This repository shows an example of using Apache Flink to serve an ONNX model that was created by PyTorch. While the initial model is simple, it shows the process by which a machine learning model can be created in Python, and then served by a Scala program written for streaming with Flink.

Training in PyTorch

The training/ directory provides two example Jupyter Notebooks that uses PyTorch to create simple networks. The networks are exported to ONNX through PyTorch. The simple network takes a variable length floating point tensor and adds a constant offset. The MNIST network solves the classic handwritten number classification problem that is a mainstay of neural network tutorials.

Packaging the JAR

The ONNX models are packaged as a resource, so that they can be distributed to the Flink TaskManagers in the same JAR as the code.

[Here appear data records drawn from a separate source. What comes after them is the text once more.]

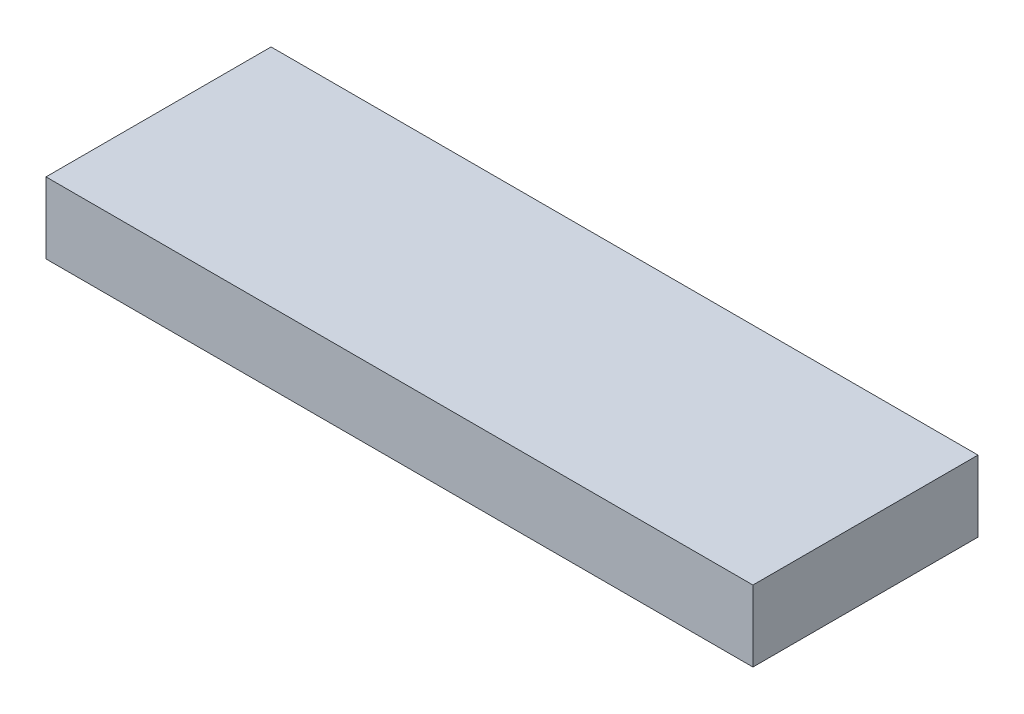
from build123d import *

# Parameters (mm, degrees)
SKETCH1_W           = 189.477532672
SKETCH1_H           = 19.05
BOSS_EXTRUDE1_DEPTH = 60.325


with BuildPart() as part:
    # Sketch1 → Boss-Extrude1 (new body)
    with BuildSketch(Plane.XY):
        with Locations((0, -273.05)):
            Rectangle(SKETCH1_W, SKETCH1_H)
    extrude(amount=BOSS_EXTRUDE1_DEPTH)


solid = part.part
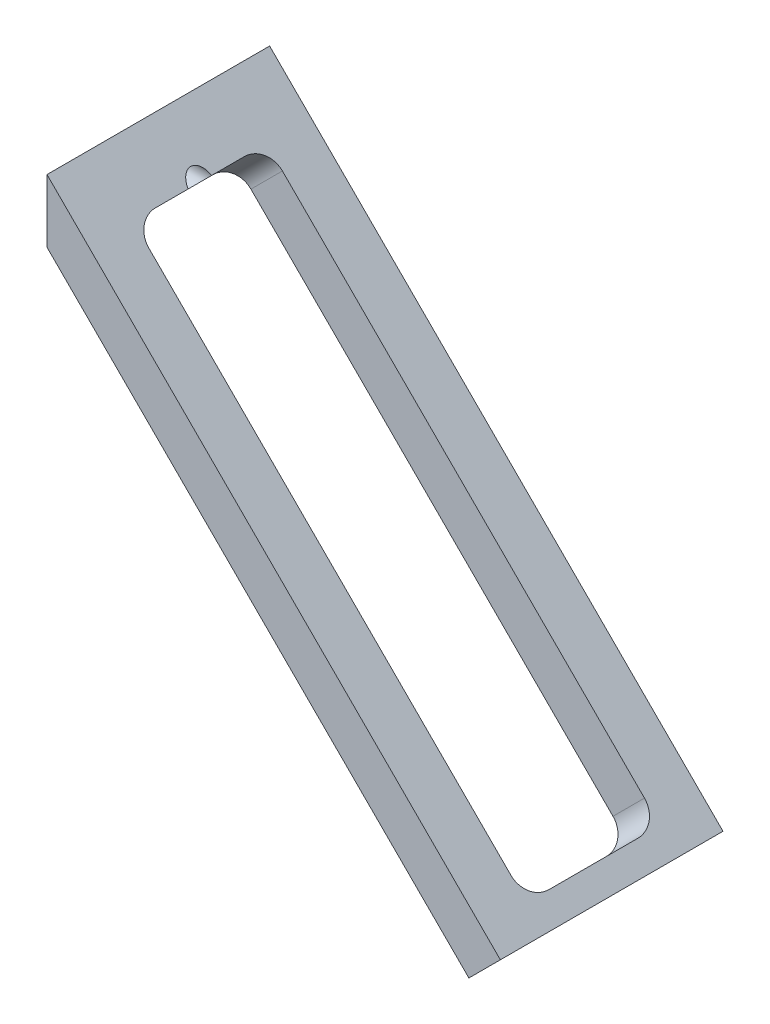
from build123d import *

# Parameters (mm, degrees)
BOSS_EXTRUDE1_DEPTH       = 15.875
SKETCH2_W                 = 19.05
SKETCH2_H                 = 79.375
CUT_EXTRUDE1_DEPTH        = 12.7
FILLET1_R                 = 3.175
F_8_CLEARANCE_HOLE1_D     = 4.4958
F_8_CLEARANCE_HOLE1_DEPTH = 16.51
F_8_CLEARANCE_HOLE1_TIP   = 1.350674586
F_8_32_TAPPED_HOLE1_D     = 3.4544


with BuildPart() as part:
    # Sketch1 → Boss-Extrude1 (new, symmetric)
    with BuildSketch(Plane.XY):
        Polygon((-32.328922036, 32.328922036), (-32.328922036, 23.348665915), (27.838793975, -36.819050096), (32.328922036, -32.328922036), align=None)
    extrude(amount=BOSS_EXTRUDE1_DEPTH, both=True)

    # Sketch2 → Cut-Extrude1 (cut)
    with BuildSketch(Plane(origin=(0, 0, 0), x_dir=(0, 0, -1), z_dir=(0.7071067811865461, 0.707106781186549, 0))):
        with Locations((0, -2.3495)):
            Rectangle(SKETCH2_W, SKETCH2_H)
    extrude(amount=-CUT_EXTRUDE1_DEPTH, mode=Mode.SUBTRACT)

    # Fillet1
    fillet1_edges = [part.edges().sort_by_distance(p)[0] for p in [
        (27.47958373, -31.969711791, 9.525),
        (-28.647017026, 24.156888966, 9.525),
        (-28.647017026, 24.156888966, -9.525),
        (27.47958373, -31.969711791, -9.525),
    ]]
    fillet(fillet1_edges, radius=FILLET1_R)

    # #8 Clearance Hole1
    with Locations(Plane(origin=(29.724647761, -29.724647761, 0), x_dir=(0, 0, 1), z_dir=(-0.7071067811865489, 0.7071067811865462, 0))):
        with Locations((0, -3.175)):
            Hole(F_8_CLEARANCE_HOLE1_D / 2, depth=F_8_CLEARANCE_HOLE1_DEPTH)
            with Locations((0, 0, -(F_8_CLEARANCE_HOLE1_DEPTH + F_8_CLEARANCE_HOLE1_TIP / 2))):  # 118° drill point
                Cone(0, F_8_CLEARANCE_HOLE1_D / 2, F_8_CLEARANCE_HOLE1_TIP, mode=Mode.SUBTRACT)

    # #8-32 Tapped Hole1 (through all)
    with Locations(Plane.ZY.offset(32.328922036)):
        with Locations((0, 25.978922036)):
            Hole(F_8_32_TAPPED_HOLE1_D / 2)


solid = part.part

The Flink application follows the standard template for SBT. The JAR can be built using sbt as follows:

sbt clean assembly

The Scala code is also tested to ensure quality, and those tests are run by sbt. These tests exercise the inference of the ONNX models.

The contents of the JAR can be inspected to see the included ONNX models and the onnxruntime library.

jar tf ./target/scala-2.11/flink-onnx-pytorch-assembly-0.0.1.jar

Serving with onnxruntime

The ONNX model is served using the onnxruntime library. The Java API is used, which provides a similar interface to Python. The OrtModel class is added as a convenience wrapper to handle loading from the resources directory.

Running the model inference for the simple case is wrapped by the AddFive class, which extends the RichMapFunction. This allows the open and close methods to handle the model loading and closing. The map method runs the input value through the ONNX model.

The types need to be handled properly, since fractional values default to Double in Scala unless specifically identified.

Streaming in Flink

With the JAR built, the Flink jobs can be submitted. The jobs are written over a static dataset of numbers for the simple example. This could be easily replaced by another source. The jobs output the results to stdout for simplicity, which could also be replaced by another sink. The DataStream API is used in this example.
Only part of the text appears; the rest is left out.